[Stored data]
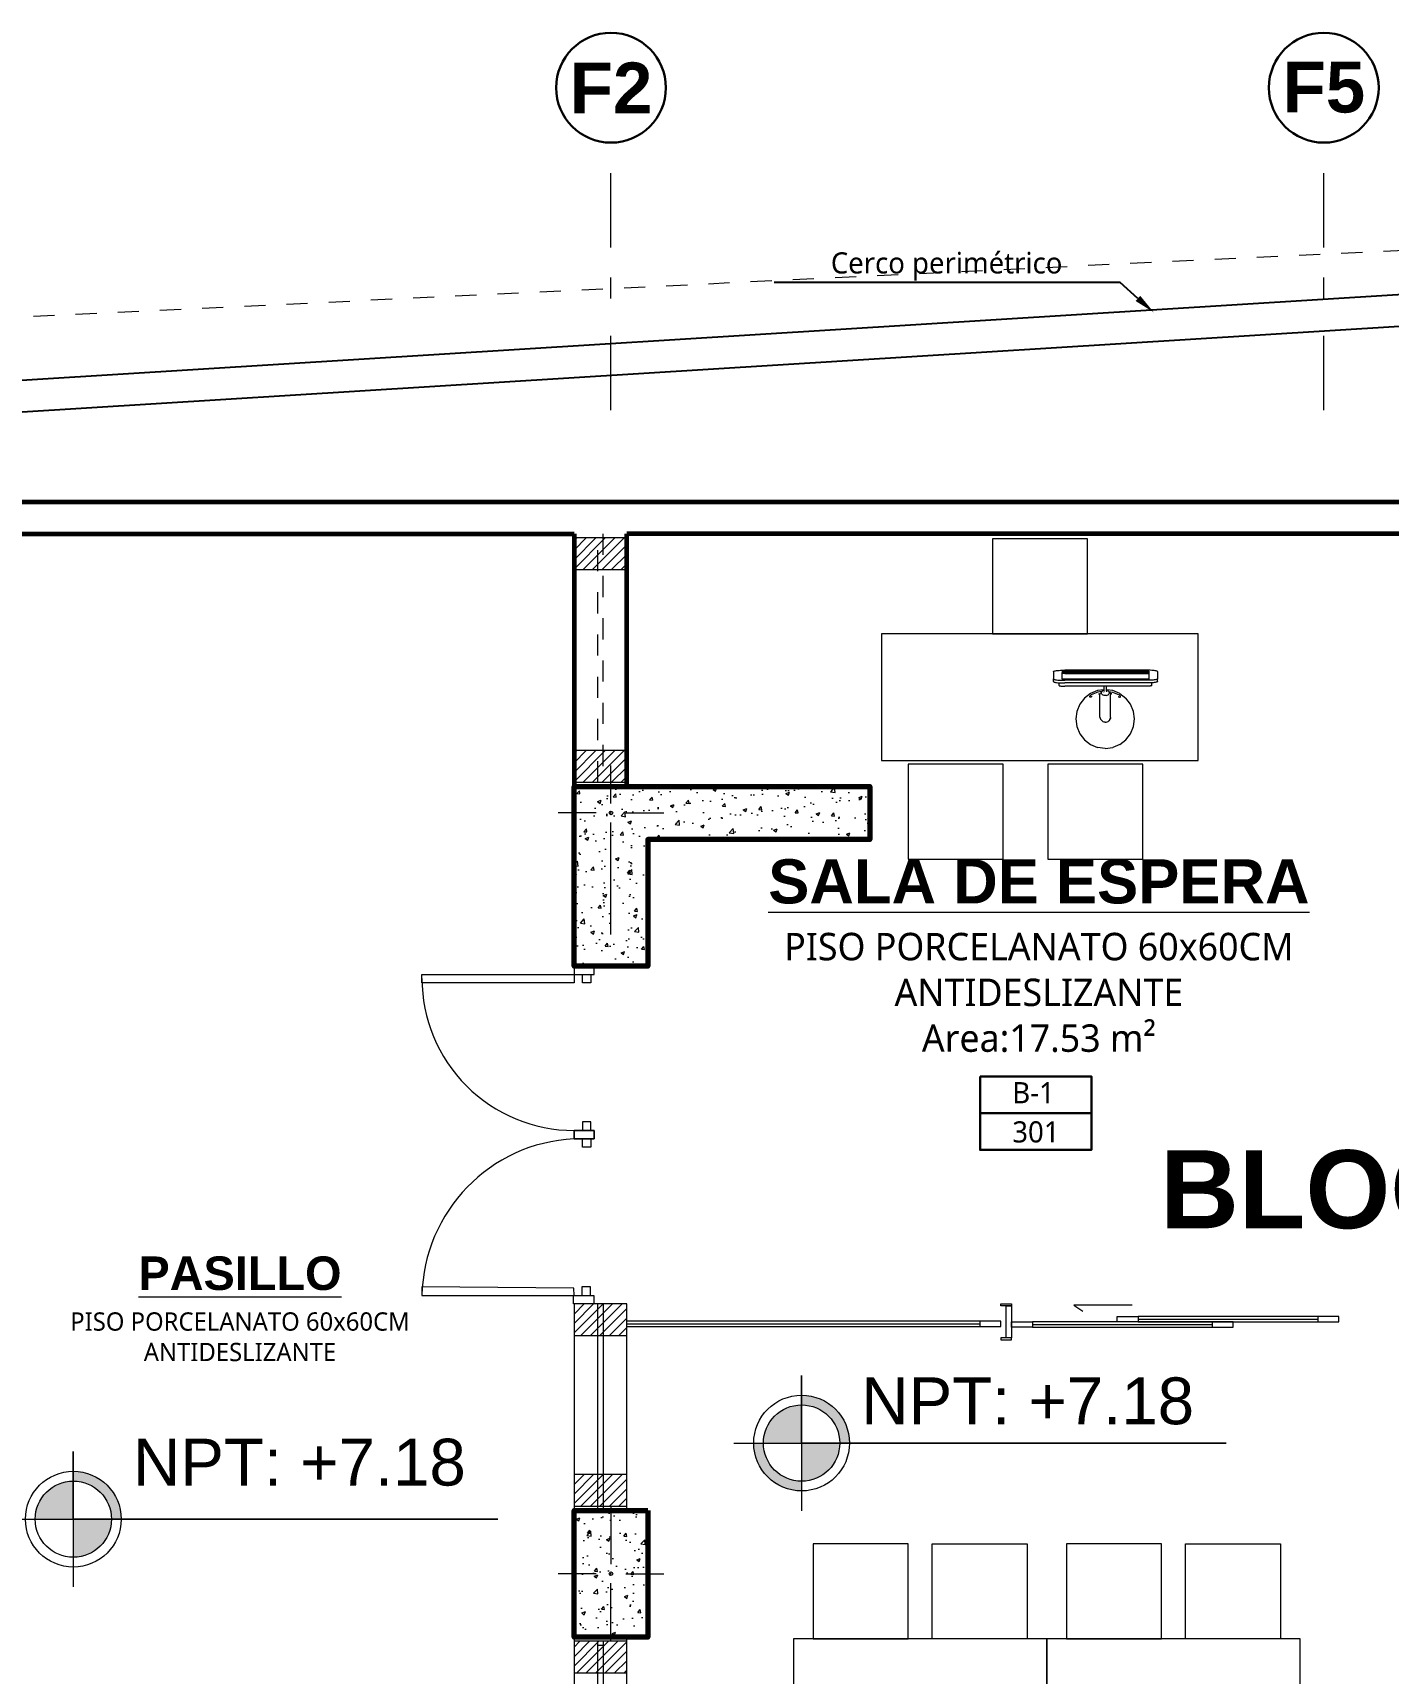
# Model space of a CAD drawing. Header units: millimetres. Extents: x 1 to 121, y 0 to 90.
# Drawn here: x 94.61 to 101.03, y 67.79 to 75.56 of the extents above; entities that cross this region are included whole.
import ezdxf
from ezdxf import colors
from ezdxf.entities.mleader import LeaderData, LeaderLine
from ezdxf.enums import TextEntityAlignment as Align
from ezdxf.math import Vec2, Vec3

# ---------------------------------------------------------------- set-up
doc = ezdxf.new("R2010")
doc.units = ezdxf.units.MM
doc.linetypes.add('DASHED2', pattern=[0.375, 0.25, -0.125])
doc.linetypes.add('Dot & Dashed', pattern=[0.670278, 0.352778, -0.176389, 0, -0.141111])
doc.layers.add('01', color=7, linetype='Continuous', lineweight=5, true_color=0xcc6600)
doc.layers.add('Mobiliario', color=7, linetype='Continuous', lineweight=0, true_color=0x7f7f7f)
for name, color, linetype, lineweight in [('05', 152, 'Continuous', 50), ('COLUMNAS 50', 32, 'Continuous', 70), ('COLUMNETASSS', 211, 'Continuous', 20), ('Cotas varias El', 253, 'Continuous', 13), ('Equipamiento SR', 23, 'Continuous', 0), ('GRAFO 0 BLANCO', 7, 'Continuous', 0), ('GRAFO 4', 7, 'Continuous', 30), ('GRAFO01', 7, 'Continuous', 0), ('Letras El', 9, 'Continuous', 5), ('letras sr', 7, 'Continuous', 5), ('Muros el', 144, 'Continuous', 60), ('Proyeccciones', 1, 'DASHED2', 18), ('Structural - Bearing_Pen_No__20', 1, 'Continuous', 0), ('TEXTO 100', 7, 'Continuous', 20), ('TEXTOS-SUBTITULO', 7, 'Continuous', 30), ('Vanos', 140, 'Continuous', 5)]:
    doc.layers.add(name, color=color, linetype=linetype, lineweight=lineweight)
doc.styles.add('Generales', font='trebuc.ttf', dxfattribs={"height": 0.1})
doc.styles.add('GENERATED_STYLE_1', font='arialbd.ttf')
doc.styles.add('JOS', font='arial.ttf', dxfattribs={"height": 1})
doc.styles.add('Santa Rosa 1 50', font='trebuc.ttf')
doc.styles.add('TURBO_BASS', font='swisseb.ttf')

# ---------------------------------------------------------------- blocks, each defined once
blk = doc.blocks.new('A$C4B1E532D')
at = {"layer": 'Equipamiento SR'}
for p, q in [((0.311, 0.472), (0.3105, 0.4658)), ((0.3116, 0.4776), (0.311, 0.472)), ((0.3123, 0.4825), (0.3116, 0.4776)), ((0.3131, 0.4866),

» **AIM OF THE TASK**:
Working through the records above, copy each line in which "entities" is found.

» **WRITTEN RESPONSE**:
# Drawn here: x 94.61 to 101.03, y 67.79 to 75.56 of the extents above; entities that cross this region are included whole.
from ezdxf.entities.mleader import LeaderData, LeaderLine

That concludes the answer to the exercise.